La photographie de Dick Pope, complice de longue date de Mike Leigh, capte parfaitement cette intensité de tous les instants sans jamais en faire trop. Hard Truths marquera leur ultime collaboration: Dick Pope est décédé le 21 octobre 2024, peu avant la sortie américaine du film. «C’est vraiment très triste. Il était un grand directeur de la photographie avec qui j’ai travaillé depuis 1990 et je veux rappeler que sa grande contribution, notamment à ce film, est importante.»

Au générique, on retrouve d’autres de ses fidèles collaborateurs, comme Gary Yershon à la composition musicale et, à la direction artistique, Suzie Davies, récemment nommée aux Oscars pour son travail sur Conclave (2024) d’Edward Berger.

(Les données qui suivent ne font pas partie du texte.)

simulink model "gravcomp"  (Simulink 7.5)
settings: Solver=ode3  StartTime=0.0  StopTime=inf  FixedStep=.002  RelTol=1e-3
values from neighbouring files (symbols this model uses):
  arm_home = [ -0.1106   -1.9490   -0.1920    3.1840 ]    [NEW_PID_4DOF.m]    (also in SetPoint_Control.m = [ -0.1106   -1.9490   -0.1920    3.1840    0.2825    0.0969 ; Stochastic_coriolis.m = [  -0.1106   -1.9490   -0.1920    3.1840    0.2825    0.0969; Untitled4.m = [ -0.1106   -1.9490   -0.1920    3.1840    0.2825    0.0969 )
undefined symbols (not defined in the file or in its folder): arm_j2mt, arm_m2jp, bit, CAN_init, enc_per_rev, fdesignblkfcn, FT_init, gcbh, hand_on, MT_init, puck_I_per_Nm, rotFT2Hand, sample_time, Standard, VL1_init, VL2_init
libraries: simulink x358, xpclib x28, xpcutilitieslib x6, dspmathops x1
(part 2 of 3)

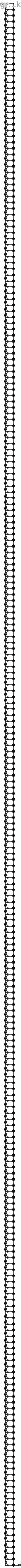
== system gravcomp/Get FT/Get Force Torque/New Filter/Generated Filter Block ==
  Input : Inport
  BodyDelay{2..260} (259 alike) : simulink/Discrete/Integer Delay  vinit=0  samptime=-1  NumDelays=1
  BodyLSum{2..260} (259 alike) : Sum  Inputs=++|  OutScaling=1  RndMeth=Nearest  SaturateOnIntegerOverflow=on  OutDataTypeStr=Inherit: Same as first input
  b(1) : Gain  Gain=0.00070417510961843762  ParameterDataTypeMode=Specify via dialog  ParameterDataType=float('double')  ParamDataTypeStr=float('double')  OutScaling=1  RndMeth=Nearest  SaturateOnIntegerOverflow=on  OutDataTypeStr=Inherit: Same as input
  b(10) : Gain  Gain=0.00065890295760926093  ParameterDataTypeMode=Specify via dialog  ParameterDataType=float('double')  ParamDataTypeStr=float('double')  OutScaling=1  RndMeth=Nearest  SaturateOnIntegerOverflow=on  OutDataTypeStr=Inherit: Same as input
  b(100) : Gain  Gain=0.0062955708769956709  ParameterDataTypeMode=Specify via dialog  ParameterDataType=float('double')  ParamDataTypeStr=float('double')  OutScaling=1  RndMeth=Nearest  SaturateOnIntegerOverflow=on  OutDataTypeStr=Inherit: Same as input
  b(101) : Gain  Gain=0.0071285779409714038  ParameterDataTypeMode=Specify via dialog  ParameterDataType=float('double')  ParamDataTypeStr=float('double')  OutScaling=1  RndMeth=Nearest  SaturateOnIntegerOverflow=on  OutDataTypeStr=Inherit: Same as input
  b(102) : Gain  Gain=0.0079758397591894736  ParameterDataTypeMode=Specify via dialog  ParameterDataType=float('double')  ParamDataTypeStr=float('double')  OutScaling=1  RndMeth=Nearest  SaturateOnIntegerOverflow=on  OutDataTypeStr=Inherit: Same as input
  b(103) : Gain  Gain=0.0088344622316554079  ParameterDataTypeMode=Specify via dialog  ParameterDataType=float('double')  ParamDataTypeStr=float('double')  OutScaling=1  RndMeth=Nearest  SaturateOnIntegerOverflow=on  OutDataTypeStr=Inherit: Same as input
  b(104) : Gain  Gain=0.0097014714889568053  ParameterDataTypeMode=Specify via dialog  ParameterDataType=float('double')  ParamDataTypeStr=float('double')  OutScaling=1  RndMeth=Nearest  SaturateOnIntegerOverflow=on  OutDataTypeStr=Inherit: Same as input
  b(105) : Gain  Gain=0.010573811729065394  ParameterDataTypeMode=Specify via dialog  ParameterDataType=float('double')  ParamDataTypeStr=float('double')  OutScaling=1  RndMeth=Nearest  SaturateOnIntegerOverflow=on  OutDataTypeStr=Inherit: Same as input
  b(106) : Gain  Gain=0.011448280041578808  ParameterDataTypeMode=Specify via dialog  ParameterDataType=float('double')  ParamDataTypeStr=float('double')  OutScaling=1  RndMeth=Nearest  SaturateOnIntegerOverflow=on  OutDataTypeStr=Inherit: Same as input
  b(107) : Gain  Gain=0.012321705260453951  ParameterDataTypeMode=Specify via dialog  ParameterDataType=float('double')  ParamDataTypeStr=float('double')  OutScaling=1  RndMeth=Nearest  SaturateOnIntegerOverflow=on  OutDataTypeStr=Inherit: Same as input
  b(108) : Gain  Gain=0.01319080449047489  ParameterDataTypeMode=Specify via dialog  ParameterDataType=float('double')  ParamDataTypeStr=float('double')  OutScaling=1  RndMeth=Nearest  SaturateOnIntegerOverflow=on  OutDataTypeStr=Inherit: Same as input
  b(109) : Gain  Gain=0.014052286654709126  ParameterDataTypeMode=Specify via dialog  ParameterDataType=float('double')  ParamDataTypeStr=float('double')  OutScaling=1  RndMeth=Nearest  SaturateOnIntegerOverflow=on  OutDataTypeStr=Inherit: Same as input
  b(11) : Gain  Gain=0.00072315700075571872  ParameterDataTypeMode=Specify via dialog  ParameterDataType=float('double')  ParamDataTypeStr=float('double')  OutScaling=1  RndMeth=Nearest  SaturateOnIntegerOverflow=on  OutDataTypeStr=Inherit: Same as input
  b(110) : Gain  Gain=0.014902829506351663  ParameterDataTypeMode=Specify via dialog  ParameterDataType=float('double')  ParamDataTypeStr=float('double')  OutScaling=1  RndMeth=Nearest  SaturateOnIntegerOverflow=on  OutDataTypeStr=Inherit: Same as input
  b(111) : Gain  Gain=0.015739153848427601  ParameterDataTypeMode=Specify via dialog  ParameterDataType=float('double')  ParamDataTypeStr=float('double')  OutScaling=1  RndMeth=Nearest  SaturateOnIntegerOverflow=on  OutDataTypeStr=Inherit: Same as input
  b(112) : Gain  Gain=0.016557936832079102  ParameterDataTypeMode=Specify via dialog  ParameterDataType=float('double')  ParamDataTypeStr=float('double')  OutScaling=1  RndMeth=Nearest  SaturateOnIntegerOverflow=on  OutDataTypeStr=Inherit: Same as input
  b(113) : Gain  Gain=0.017355946398475892  ParameterDataTypeMode=Specify via dialog  ParameterDataType=float('double')  ParamDataTypeStr=float('double')  OutScaling=1  RndMeth=Nearest  SaturateOnIntegerOverflow=on  OutDataTypeStr=Inherit: Same as input
  b(114) : Gain  Gain=0.018129972748423043  ParameterDataTypeMode=Specify via dialog  ParameterDataType=float('double')  ParamDataTypeStr=float('double')  OutScaling=1  RndMeth=Nearest  SaturateOnIntegerOverflow=on  OutDataTypeStr=Inherit: Same as input
  b(115) : Gain  Gain=0.018876872775595334  ParameterDataTypeMode=Specify via dialog  ParameterDataType=float('double')  ParamDataTypeStr=float('double')  OutScaling=1  RndMeth=Nearest  SaturateOnIntegerOverflow=on  OutDataTypeStr=Inherit: Same as input
  b(116) : Gain  Gain=0.01959360140160285  ParameterDataTypeMode=Specify via dialog  ParameterDataType=float('double')  ParamDataTypeStr=float('double')  OutScaling=1  RndMeth=Nearest  SaturateOnIntegerOverflow=on  OutDataTypeStr=Inherit: Same as input
  b(117) : Gain  Gain=0.02027722646982065  ParameterDataTypeMode=Specify via dialog  ParameterDataType=float('double')  ParamDataTypeStr=float('double')  OutScaling=1  RndMeth=Nearest  SaturateOnIntegerOverflow=on  OutDataTypeStr=Inherit: Same as input
  b(118) : Gain  Gain=0.020924875790597104  ParameterDataTypeMode=Specify via dialog  ParameterDataType=float('double')  ParamDataTypeStr=float('double')  OutScaling=1  RndMeth=Nearest  SaturateOnIntegerOverflow=on  OutDataTypeStr=Inherit: Same as input
  b(119) : Gain  Gain=0.021533887742310798  ParameterDataTypeMode=Specify via dialog  ParameterDataType=float('double')  ParamDataTypeStr=float('double')  OutScaling=1  RndMeth=Nearest  SaturateOnIntegerOverflow=on  OutDataTypeStr=Inherit: Same as input
  b(12) : Gain  Gain=0.00078945898775655888  ParameterDataTypeMode=Specify via dialog  ParameterDataType=float('double')  ParamDataTypeStr=float('double')  OutScaling=1  RndMeth=Nearest  SaturateOnIntegerOverflow=on  OutDataTypeStr=Inherit: Same as input
  b(120) : Gain  Gain=0.022101695679814737  ParameterDataTypeMode=Specify via dialog  ParameterDataType=float('double')  ParamDataTypeStr=float('double')  OutScaling=1  RndMeth=Nearest  SaturateOnIntegerOverflow=on  OutDataTypeStr=Inherit: Same as input
  b(121) : Gain  Gain=0.022625902042927921  ParameterDataTypeMode=Specify via dialog  ParameterDataType=float('double')  ParamDataTypeStr=float('double')  OutScaling=1  RndMeth=Nearest  SaturateOnIntegerOverflow=on  OutDataTypeStr=Inherit: Same as input
  b(122) : Gain  Gain=0.023104290316677902  ParameterDataTypeMode=Specify via dialog  ParameterDataType=float('double')  ParamDataTypeStr=float('double')  OutScaling=1  RndMeth=Nearest  SaturateOnIntegerOverflow=on  OutDataTypeStr=Inherit: Same as input
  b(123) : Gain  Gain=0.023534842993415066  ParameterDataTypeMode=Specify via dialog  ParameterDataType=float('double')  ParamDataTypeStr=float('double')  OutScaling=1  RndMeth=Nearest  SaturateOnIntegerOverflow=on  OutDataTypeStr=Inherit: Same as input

Mais si Hard Truths est si bouleversant, c’est aussi par son étonnante retenue narrative: pas de rédemption ou de métamorphose hollywoodiennes. À la question «Pourquoi tant de colère chez Pansy?», Mike Leigh ne répond pas. Il préfère suggérer et laisser, comme il aime tant le faire, à chacune et chacun la liberté d’interpréter ses cris, ses silences, ses pourquoi, de se retrouver peut-être dans la complexité de ces vies où même le bonheur de Chantelle a ses cicatrices, et où ses filles, si souriantes, enjolivent parfois leurs récits. Car comme le dit Chantelle elle- même à Pansy: «Je ne te comprends pas, mais je t’aime quand même.»
Deux sœurs (Hard Truths), de Mike Leigh, avec Marianne Jean-Baptiste, Michele Austin. 97 min. Actuellement dans les salles romandes.